Alright to just work through another example here,

let's take a particular case of people being audited by the IRS.

So in this particular example, lets suppose we've got an accountant.

He's got three clients who filed returns of more than $5 million for their estate.

So there is a 50% chance for each of these clients, that they're going to be audited.

Right, well if we look at what are the chances that

all three of them are going to be audited?

So client one and client two and client three all audited.

All right, well, 50% chance for client one, and a 50% chance for client two.

So we're going to multiply those together.

And a 50% chance for client three turns out that that joint probability of

all three being audited is going to be 12.5%.

All right, what about none of them being audited?

Well, client one is not audited, client two is not audited, and

client three is not audited.

It's actually going to turn out to be the same because we're dealing with a 50%

probability here.

But it's the probability that client one's not audited,

multiplied by the probability client two is not audited,

multiplied by the probability of client three not being audited.

And then how likely is it that at least one of these clients is audited?
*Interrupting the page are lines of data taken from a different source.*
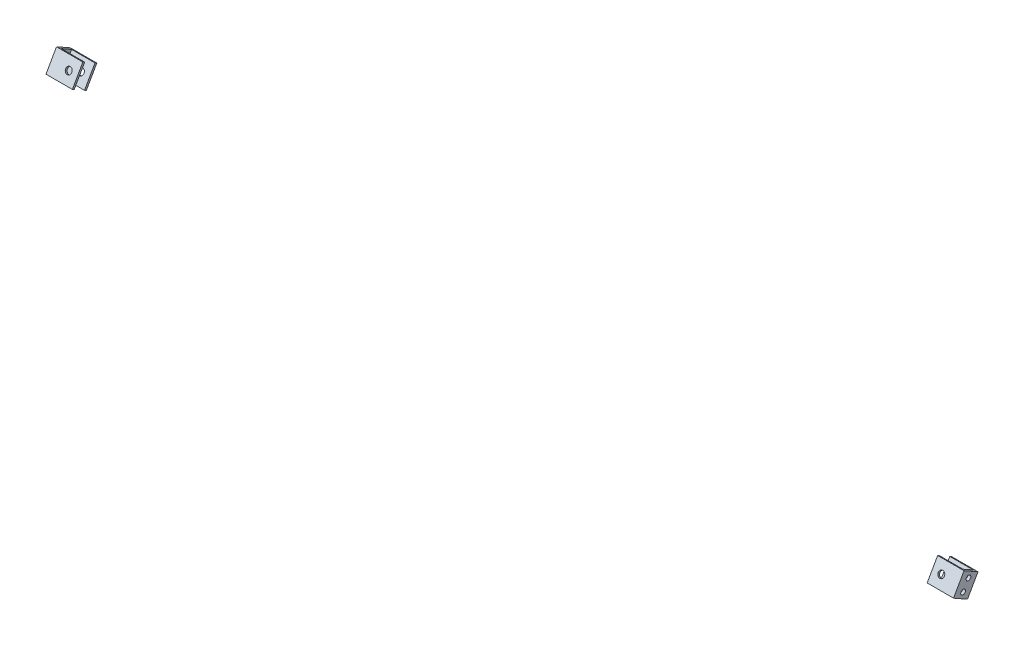
SolidWorks part; units mm, degrees
ref_plane "Front Plane" through (0, 0, 0) normal (0, 0, 1) x (1, 0, 0)
ref_plane "Top Plane" through (0, 0, 0) normal (0, 1, 0) x (1, 0, 0)
ref_plane "Right Plane" through (0, 0, 0) normal (1, 0, 0) x (0, 0, -1)
ref_plane "Plane1" through (0, -217.9452, -384.9482) normal (0, -0.4927, -0.8702) x (-1, 0, 0)
sketch "Sketch1" plane through (0, -217.9452, -384.9482) normal (0, -0.4927, -0.8702) x (-1, 0, 0)
  line L0 (487.45, 1279.1709) -> (468.654, 1279.1709) construction
  line L1 (487.45, 1279.1709) -> (468.654, 1279.1709) construction
  line L2 (487.45, 1290.6009) -> (487.45, 1267.7409)
  line L3 (487.45, 1427.6969) -> (487.45, 1247.6609) construction
  line L4 (487.45, 1290.6009) -> (459.129, 1290.6009)
  line L5 (459.129, 1290.6009) -> (459.129, 1267.7409)
  line L6 (459.129, 1267.7409) -> (487.45, 1267.7409)
  circle A0 centre (468.654, 1279.1709) radius 3.3782
  point P6 (487.45, 1279.1709)
  dimension "D1" = 6.7564
  dimension "D2" = 11.43
  dimension "D3" = 9.525
extrude "Boss-Extrude1" add sketch "Sketch1" along normal mid plane 17.272
sketch "Sketch2" plane through (0, 1103.1987, -624.5954) normal (0, -0.8702, 0.4927) x (1, 0, 0)
  line L0 (-487.45, -442.3632) -> (-459.129, -442.3632) construction
  line L1 (-484.275, -436.0132) -> (-452.4806, -436.0132)
  line L2 (-484.275, -436.0132) -> (-484.275, -448.7132)
  line L3 (-484.275, -448.7132) -> (-452.4806, -448.7132)
  line L4 (-452.4806, -436.0132) -> (-452.4806, -448.7132)
  line L8 (-459.129, -433.7272) -> (-487.45, -433.7272)
  line L9 (-487.45, -433.7272) -> (-487.45, -450.9992)
  line L10 (-487.45, -450.9992) -> (-459.129, -450.9992)
  line L11 (-459.129, -450.9992) -> (-459.129, -433.7272)
  line L12 (-459.129, -433.7272) -> (-487.45, -433.7272) construction
  line L13 (-487.45, -433.7272) -> (-487.45, -450.9992) construction
  line L14 (-487.45, -450.9992) -> (-459.129, -450.9992) construction
  line L15 (-459.129, -450.9992) -> (-459.129, -433.7272) construction
  point P10 (-513.127, -428.9392)
  dimension "D1" = 12.7
  dimension "D3" = 3.175
  dimension "D2" = 0
extrude "Cut-Extrude1" cut sketch "Sketch2" against normal through all
sketch "Sketch3" plane through (-487.45, 0, 0) normal (-1, 0, 0) x (0, 0, 1)
  line L0 (-1020.8064, 905.1465) -> (-1009.5436, 885.2535) construction
  line L1 (-1022.6901, 890.9452) -> (-1007.6599, 899.4548) construction
  line L4 (-1002.0285, 889.5083) -> (-1013.2913, 909.4013)
  line L5 (-1013.2913, 909.4013) -> (-1028.3215, 900.8917)
  line L6 (-1028.3215, 900.8917) -> (-1017.0587, 880.9987)
  line L7 (-1017.0587, 880.9987) -> (-1002.0285, 889.5083)
  line L8 (-1002.0285, 889.5083) -> (-1013.2913, 909.4013) construction
  line L9 (-1013.2913, 909.4013) -> (-1028.3215, 900.8917) construction
  line L10 (-1028.3215, 900.8917) -> (-1017.0587, 880.9987) construction
  line L11 (-1017.0587, 880.9987) -> (-1002.0285, 889.5083) construction
  circle A0 centre (-1018.0658, 900.3059) radius 2.5527
  circle A1 centre (-1012.2842, 890.0941) radius 2.5527
  circle A2 centre (0, 890.8219) radius 2.5527
  dimension "D2" = 5.1054
  dimension "D3" = 5.1054
  dimension "D4" = 5.8674
  dimension "D5" = 5.8674
  dimension "D1" = 0
extrude "Cut-Extrude2" cut sketch "Sketch3" against normal through all
mirror "Mirror2" about plane through (0, 0, 0) normal (1, 0, 0) of bodies 103
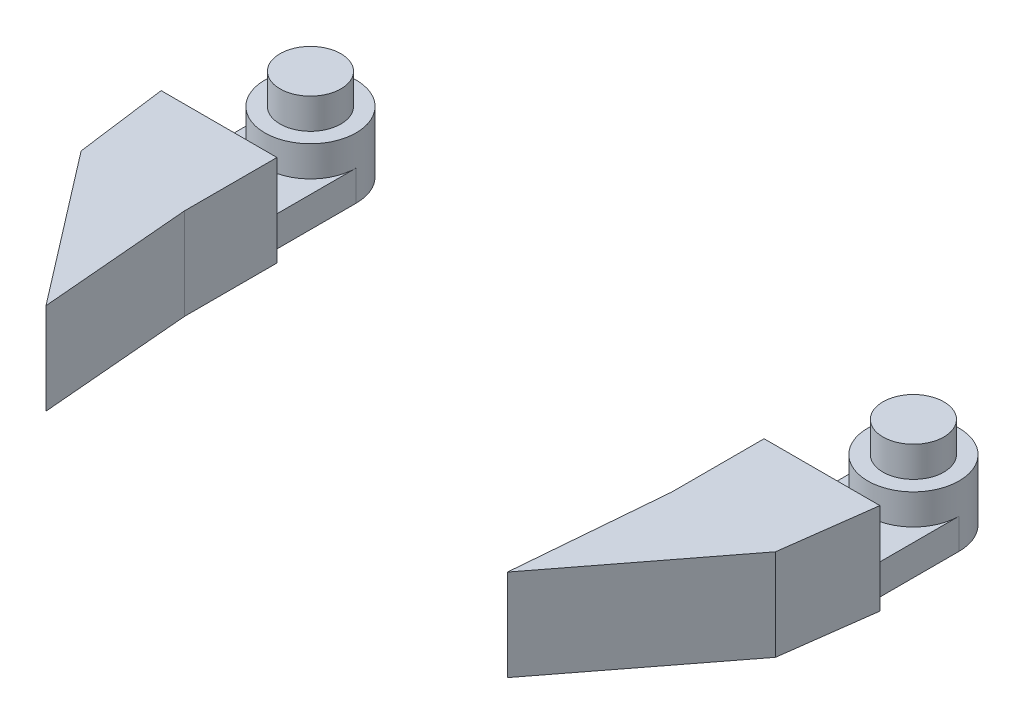
SolidWorks part; units mm, degrees
ref_plane "Front Plane" through (0, 0, 0) normal (0, 0, 1) x (1, 0, 0)
ref_plane "Top Plane" through (0, 0, 0) normal (0, 1, 0) x (1, 0, 0)
ref_plane "Right Plane" through (0, 0, 0) normal (1, 0, 0) x (0, 0, -1)
sketch "Sketch1" plane through (0, 0, 0) normal (0, 1, 0) x (1, 0, 0)
  line L6 (-9.5, -15) -> (-7.5, -30.1272)
  line L7 (-7.5, -30.1272) -> (11.6074, -55)
  line L8 (11.6074, -55) -> (9.5, -30.1272)
  line L9 (9.5, -30.1272) -> (9.5, -15)
  line L10 (9.5, -15) -> (-9.5, -15)
  line L11 (49.4645, 12.4217) -> (49.4645, -55.9334) construction
  line L12 (-7.5, 0) -> (7.5, 0)
  line L13 (-7.5, 0) -> (-7.5, -15)
  line L14 (-7.5, -15) -> (7.5, -15)
  line L15 (7.5, 0) -> (7.5, -15)
  line L16 (91.429, 0) -> (91.429, -15)
  line L17 (106.429, -15) -> (91.429, -15)
  line L18 (106.429, 0) -> (106.429, -15)
  line L19 (106.429, 0) -> (91.429, 0)
  line L20 (89.429, -15) -> (108.429, -15)
  line L21 (89.429, -30.1272) -> (89.429, -15)
  line L22 (87.3217, -55) -> (89.429, -30.1272)
  line L23 (106.429, -30.1272) -> (87.3217, -55)
  line L24 (108.429, -15) -> (106.429, -30.1272)
  circle A0 centre (0, 0) radius 5
  circle A1 centre (0, 0) radius 7.5
  circle A2 centre (98.929, 0) radius 7.5
  circle A3 centre (98.929, 0) radius 5
  point P12 (0, 0)
  point P16 (0, -15)
  point P17 (0, -15)
  dimension "D1" = 10
  dimension "D7" = 15
  dimension "D2" = 19
  dimension "D3" = 40
  dimension "D4" = 150
  dimension "D6" = 15
extrude "Boss-Extrude1" add sketch "Sketch1" along normal blind 10 contours L12 A1 A0 | L12 A1 A0 region at (0, 0, -7.3323) region at (-6.25, 0, 0.1677)
extrude "Boss-Extrude2" add sketch "Sketch1<3>" along normal blind 15 separate body contours L9 L10 L6 L7 L8 region at (2.2588, 0, 29.4144)
sketch "Sketch1<3>" plane through (0, 0, 0) normal (0, 1, 0) x (1, 0, 0) same geometry as "Sketch1"
extrude "Boss-Extrude3" add sketch "Sketch1<4>" along normal blind 5 contours A1 L13 L10 L15 region at (0, 0, 10.2914)
sketch "Sketch1<4>" plane through (0, 0, 0) normal (0, 1, 0) x (1, 0, 0) same geometry as "Sketch1"
extrude "Boss-Extrude4" add sketch "Sketch1<5>" along normal blind 15 contours L12 A0 | L12 A0 region at (0, 0, -2.1221) region at (0, 0, 2.1221)
sketch "Sketch1<5>" plane through (0, 0, 0) normal (0, 1, 0) x (1, 0, 0) same geometry as "Sketch1"
extrude "Boss-Extrude5" add sketch "Sketch1<6>" along normal blind 15 separate body contours A3 L19 | A3 L19 region at (98.929, 0, -2.1221) region at (98.929, 0, 2.1221)
sketch "Sketch1<6>" plane through (0, 0, 0) normal (0, 1, 0) x (1, 0, 0) same geometry as "Sketch1"
extrude "Boss-Extrude6" add sketch "Sketch1<7>" along normal blind 10 contours L19 A3 A2 | L19 A3 A2 region at (98.929, 0, -7.3323) region at (92.679, 0, 0.1677)
sketch "Sketch1<7>" plane through (0, 0, 0) normal (0, 1, 0) x (1, 0, 0) same geometry as "Sketch1"
extrude "Boss-Extrude7" add sketch "Sketch1<8>" along normal blind 5 contours L18 A2 L16 L17 region at (98.929, 0, 10.2914)
sketch "Sketch1<8>" plane through (0, 0, 0) normal (0, 1, 0) x (1, 0, 0) same geometry as "Sketch1"
extrude "Boss-Extrude8" add sketch "Sketch1<9>" along normal blind 15 contours L24 L20 L17 L21 L22 L23 region at (96.6703, 0, 29.4144)
sketch "Sketch1<9>" plane through (0, 0, 0) normal (0, 1, 0) x (1, 0, 0) same geometry as "Sketch1"

So we're not saying that just one is audited,

we're saying at least one of them.

It could be one, it could be two, it could be all three of them.

Well we can actually use the compliment rule here to say what's the compliment

of at least one of them being audited?

It's the probability that none of them are audited.

So it's 1 minus 12.5% gives us the 87.5%.

The big assumption that we're making here

is that these observations are independent of each other.

If we have a reason to believe that the likelihood that client one is audited is

linked to the likelihood that client two is audited, this is going to break down,

we're going to have to use the more general multiplication rule.